Кейпор остановился в дверях:
— Это бультерьер. На континенте их не часто встретишь. — Он окинул Эшендена оценивающим взглядом, затем подозвал служанку: — Один кофе, пожалуйста, фрейлейн. Вы только что приехали?
— Да, вчера.
— В самом деле? Почему ж я вчера вечером не видел вас в столовой? Надолго сюда?
— Пока не знаю. Я болел и приехал подлечиться.
Служанка принесла Кейпору кофе и, увидев, что тот разговаривает с Эшенденом, поставила чашку на его столик. Кейпор натянуто улыбнулся:
— Не хочу вам навязываться. Не знаю, с какой это стати она поставила кофе на ваш стол.
— Пустяки, присаживайтесь.
— Вы очень любезны. Я уже давно на континенте и вечно забываю, что мои соотечественники терпеть не могут, когда с ними заговаривают незнакомые люди. Кстати, вы англичанин или американец?
— Англичанин, — ответил Эшенден.
По природе он был человеком очень застенчивым и, не сумев справиться с этим неподобающим его возрасту недостатком, научился тем не менее использовать его в своих интересах. Вот и теперь запинающимся голосом, со стеснительной улыбкой он изложил Кейпору те факты своей биографии, которые накануне сообщил хозяйке гостиницы и которыми, он нисколько в этом не сомневался, она уже успела поделиться с Кейпором.
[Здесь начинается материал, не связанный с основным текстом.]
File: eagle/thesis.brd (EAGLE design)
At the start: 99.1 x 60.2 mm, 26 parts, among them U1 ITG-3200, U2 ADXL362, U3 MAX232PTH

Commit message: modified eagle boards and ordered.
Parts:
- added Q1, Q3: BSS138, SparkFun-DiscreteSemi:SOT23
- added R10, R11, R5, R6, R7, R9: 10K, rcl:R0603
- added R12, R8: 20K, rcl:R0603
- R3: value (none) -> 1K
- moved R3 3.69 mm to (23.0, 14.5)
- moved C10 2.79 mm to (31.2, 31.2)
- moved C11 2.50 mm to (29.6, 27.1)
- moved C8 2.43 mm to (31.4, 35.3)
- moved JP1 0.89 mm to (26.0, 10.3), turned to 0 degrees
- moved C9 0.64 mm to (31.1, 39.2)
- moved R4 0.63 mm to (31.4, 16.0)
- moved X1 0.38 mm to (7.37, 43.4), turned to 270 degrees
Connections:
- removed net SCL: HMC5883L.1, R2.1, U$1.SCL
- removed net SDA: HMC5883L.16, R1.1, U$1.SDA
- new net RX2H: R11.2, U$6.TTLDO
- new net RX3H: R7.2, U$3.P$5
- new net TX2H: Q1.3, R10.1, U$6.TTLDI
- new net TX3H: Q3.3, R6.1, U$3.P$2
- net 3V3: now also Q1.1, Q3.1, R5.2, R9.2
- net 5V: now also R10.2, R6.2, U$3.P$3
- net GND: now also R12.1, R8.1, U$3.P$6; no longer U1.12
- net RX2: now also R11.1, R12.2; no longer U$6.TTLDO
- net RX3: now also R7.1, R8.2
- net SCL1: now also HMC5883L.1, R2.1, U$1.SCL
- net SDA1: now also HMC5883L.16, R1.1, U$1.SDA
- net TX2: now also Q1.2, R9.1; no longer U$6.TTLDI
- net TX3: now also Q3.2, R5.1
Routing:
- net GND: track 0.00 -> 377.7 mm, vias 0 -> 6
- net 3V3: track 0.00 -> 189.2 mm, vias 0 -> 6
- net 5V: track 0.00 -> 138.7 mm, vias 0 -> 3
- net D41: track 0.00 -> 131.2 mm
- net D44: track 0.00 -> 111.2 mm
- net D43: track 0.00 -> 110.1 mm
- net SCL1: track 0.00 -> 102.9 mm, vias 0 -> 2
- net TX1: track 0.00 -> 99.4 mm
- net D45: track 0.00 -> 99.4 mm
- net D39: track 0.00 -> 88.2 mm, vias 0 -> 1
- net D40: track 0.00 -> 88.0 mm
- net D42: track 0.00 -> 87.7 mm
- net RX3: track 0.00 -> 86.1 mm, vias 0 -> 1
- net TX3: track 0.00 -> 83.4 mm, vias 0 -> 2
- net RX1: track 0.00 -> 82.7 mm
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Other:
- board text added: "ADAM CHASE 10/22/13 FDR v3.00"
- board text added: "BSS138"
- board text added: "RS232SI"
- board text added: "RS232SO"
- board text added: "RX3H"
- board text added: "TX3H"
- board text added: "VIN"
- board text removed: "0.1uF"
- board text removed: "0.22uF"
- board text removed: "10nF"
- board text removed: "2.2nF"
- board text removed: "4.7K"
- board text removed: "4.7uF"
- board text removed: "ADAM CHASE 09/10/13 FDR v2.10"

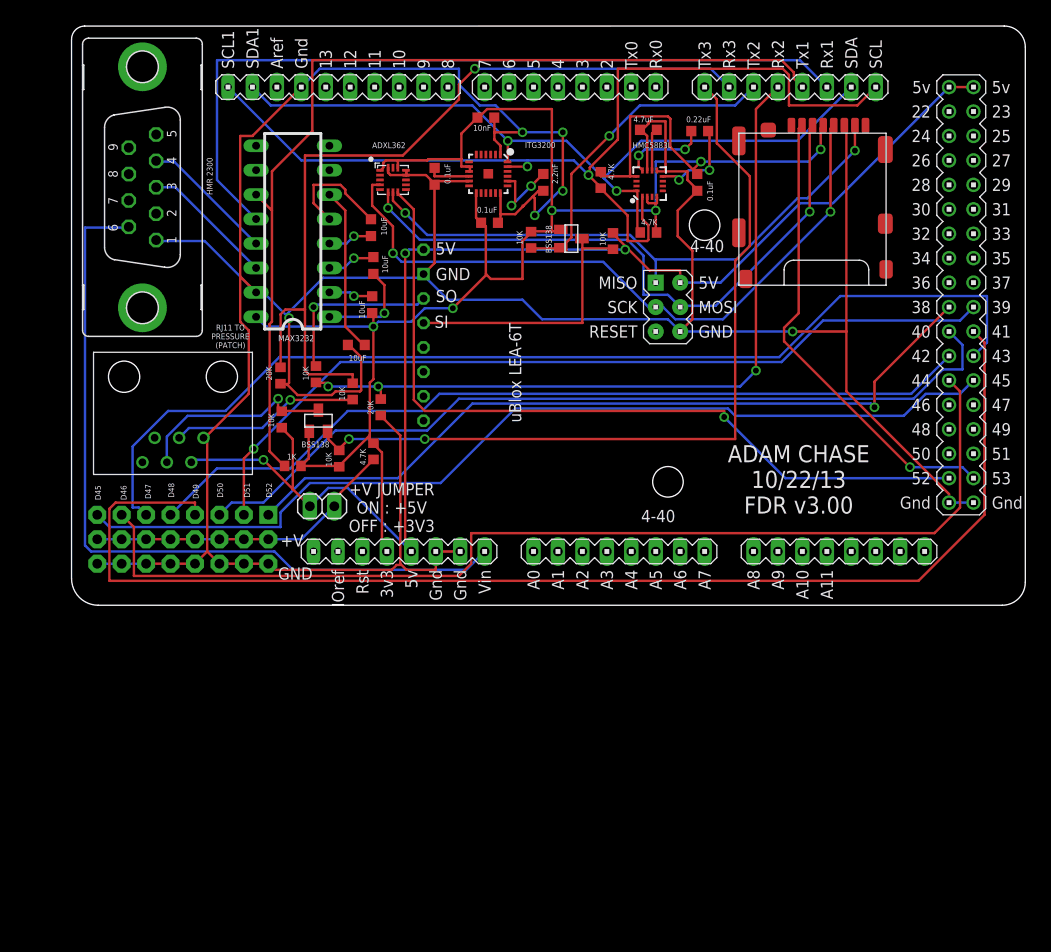
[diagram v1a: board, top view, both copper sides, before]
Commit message: modified gps board pad drill size and made thesis board a BOB.
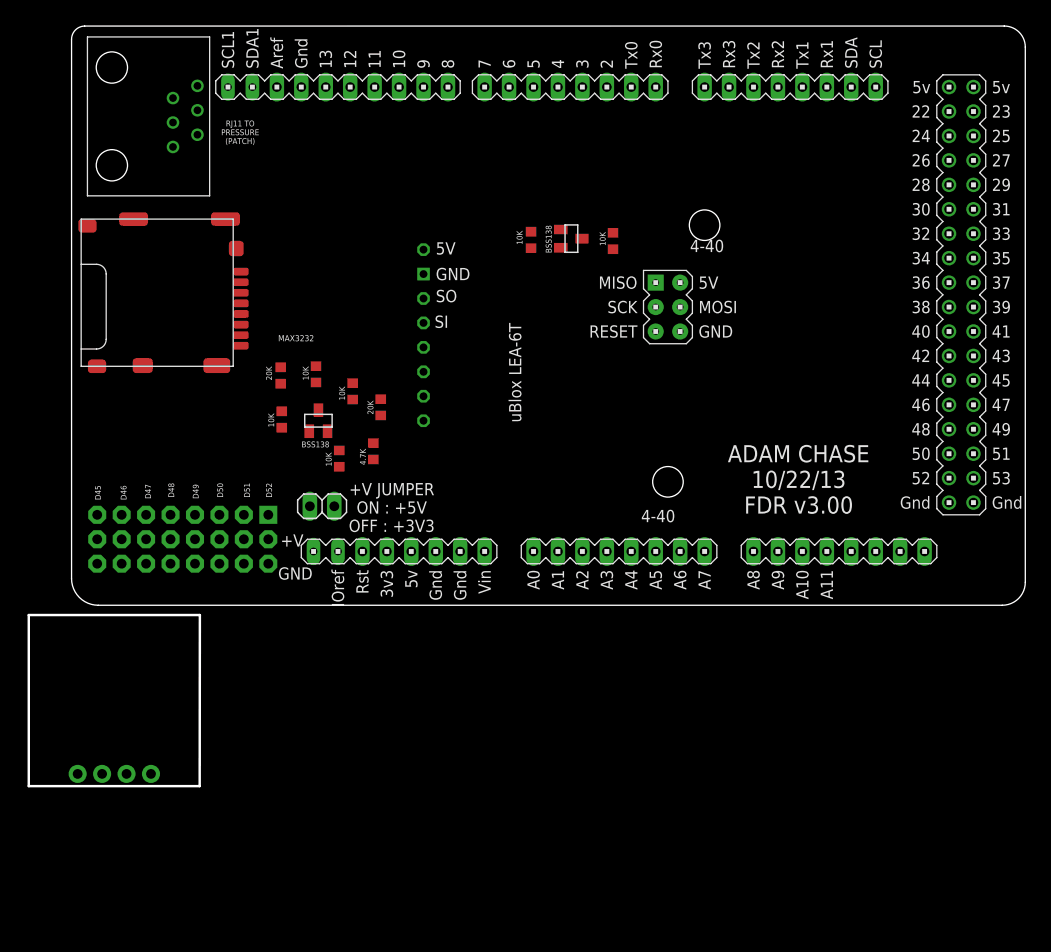
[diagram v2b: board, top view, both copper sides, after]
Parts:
- removed C1, C4, C6: 0.1uF, rcl:C0603K
- removed C10, C11, C8, C9: 10uF, rcl:C0603K
- removed C2: 2.2nF, rcl:C0603K
- removed C3: 4.7uF, rcl:C0603K
- removed C5: 0.22uF, rcl:C0603K
- removed C7: 10nF, rcl:C0603K
- removed HMC5883L: SPARKFUN_HMC5883LSMD, HMC5883L_Breakout-v11:SPARKFUN_16LPCC
- removed R1, R2: 4.7K, rcl:R0603
- removed R3: 1K, rcl:R0603
- removed U1: ITG-3200, SparkFun:QFN-24
- removed U2: ADXL362, SparkFun-Sensors:ADXL362
- removed U3: MAX232PTH, SparkFun-DigitalIC:DIL16
- removed X1: (no value), con-subd:F09VP
- added U$4: HMC5883L, HMC5883L:HMC5883L
- moved U$2 68.0 mm to (9.40, 32.6), turned to 270 degrees
- moved U$3 31.4 mm to (14.4, 42.5), turned to 90 degrees
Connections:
- removed net CPOUT: C2.2, U1.20
- removed net N$1: C10.2, U3.2
- removed net N$12: C3.1, HMC5883L.10
- removed net N$14: C1.2, U1.10
- removed net N$2: C11.2, U3.6
- removed net N$3: C9.1, U3.4
- removed net N$4: C9.2, U3.5
- removed net N$5: C5.1, HMC5883L.8
- removed net N$6: C8.1, U3.1
- removed net N$7: C5.2, HMC5883L.12
- removed net N$8: C8.2, U3.3
- removed net RS232SI: U3.14, X1.3
- removed net RS232SO: U3.13, X1.4
- net 3V3: no longer C10.1, C4.1, C6.2, C7.2, HMC5883L.13, HMC5883L.2, HMC5883L.4, R1.2, R2.2, R3.1, U1.13, U1.8, U1.9, U2.P$1, U2.P$14, U3.16
- net D52: no longer U2.P$8
- net GND: no longer C1.1, C11.1, C2.1, C3.2, C4.2, C6.1, C7.1, HMC5883L.11, HMC5883L.9, U1.1, U1.11, U1.18, U2.P$12, U2.P$13, U2.P$16, U3.15, X1.1
- net MISO: no longer U2.P$7
- net MOSI: no longer U2.P$6
- net RX1: no longer U3.12
- net SCL1: no longer HMC5883L.1, R2.1, U1.23
- net SCLK: no longer U2.P$4
- net SDA1: no longer HMC5883L.16, R1.1, U1.24
- net TX1: no longer R3.2, U3.11
- net VIN: no longer X1.6
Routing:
- net GND: track 377.7 -> 0.00 mm, vias 6 -> 0
- net 3V3: track 189.2 -> 0.00 mm, vias 6 -> 0
- net 5V: track 138.7 -> 0.00 mm, vias 3 -> 0
- net D41: track 131.2 -> 0.00 mm
- net D44: track 111.2 -> 0.00 mm
- net D43: track 110.1 -> 0.00 mm
- net SCL1: track 102.9 -> 0.00 mm, vias 2 -> 0
- net TX1: track 99.4 -> 0.00 mm
- net D45: track 99.4 -> 0.00 mm
- net D39: track 88.2 -> 0.00 mm, vias 1 -> 0
- net D40: track 88.0 -> 0.00 mm
- net D42: track 87.7 -> 0.00 mm
- net RX3: track 86.1 -> 0.00 mm, vias 1 -> 0
- net TX3: track 83.4 -> 0.00 mm, vias 2 -> 0
- net RX1: track 82.7 -> 0.00 mm
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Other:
- board text removed: "ADXL362"
- board text removed: "HMC5883L"
- board text removed: "HMR 2300"
- board text removed: "ITG3200"
- board text removed: "RS232SI"
- board text removed: "RS232SO"
- board text removed: "RX3H"
- board text removed: "TX3H"
- board text removed: "VIN"

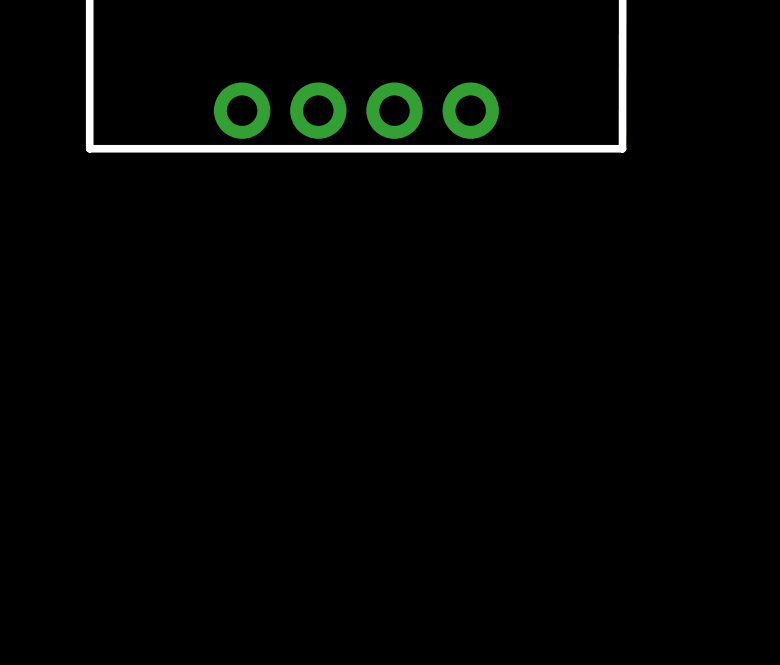
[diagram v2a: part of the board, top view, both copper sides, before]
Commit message: added itg3200
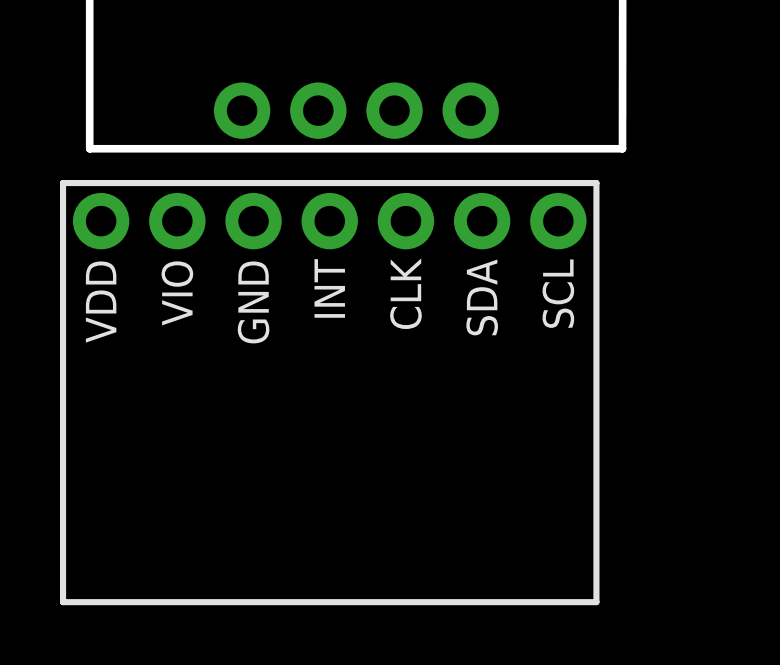
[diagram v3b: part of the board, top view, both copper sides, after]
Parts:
- added U$7: ITG3200, ITG3200:ITG3200
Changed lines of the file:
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@@
 </element>
 <element name="U$4" library="HMC5883L" package="HMC5883L" value="HMC5883L" x="-4.445" y="-18.796"/>
+<element name="U$7" library="ITG3200" package="ITG3200" value="ITG3200" x="-5.334" y="-33.909"/>
 </elements>
 <signals>

— В таком случае вы совершенно правильно сделали, что выбрали Люцерн. Лучшего места, чтобы восстановить здоровье, не придумаешь. Ведь это оазис мира в охваченной лихорадкой войны Европе. Когда живешь в Люцерне, то даже не верится, что где-то совсем рядом идет война. Поэтому я сюда и приехал. Я ведь по профессии журналист.
— Я сразу подумал, что вы, должно быть, пишете, — сказал Эшенден, не забыв изобразить на лице робкую улыбку.
Не в конторе же по перевозке грузов он научился выражениям типа «оазис мира в охваченной лихорадкой войны Европе»!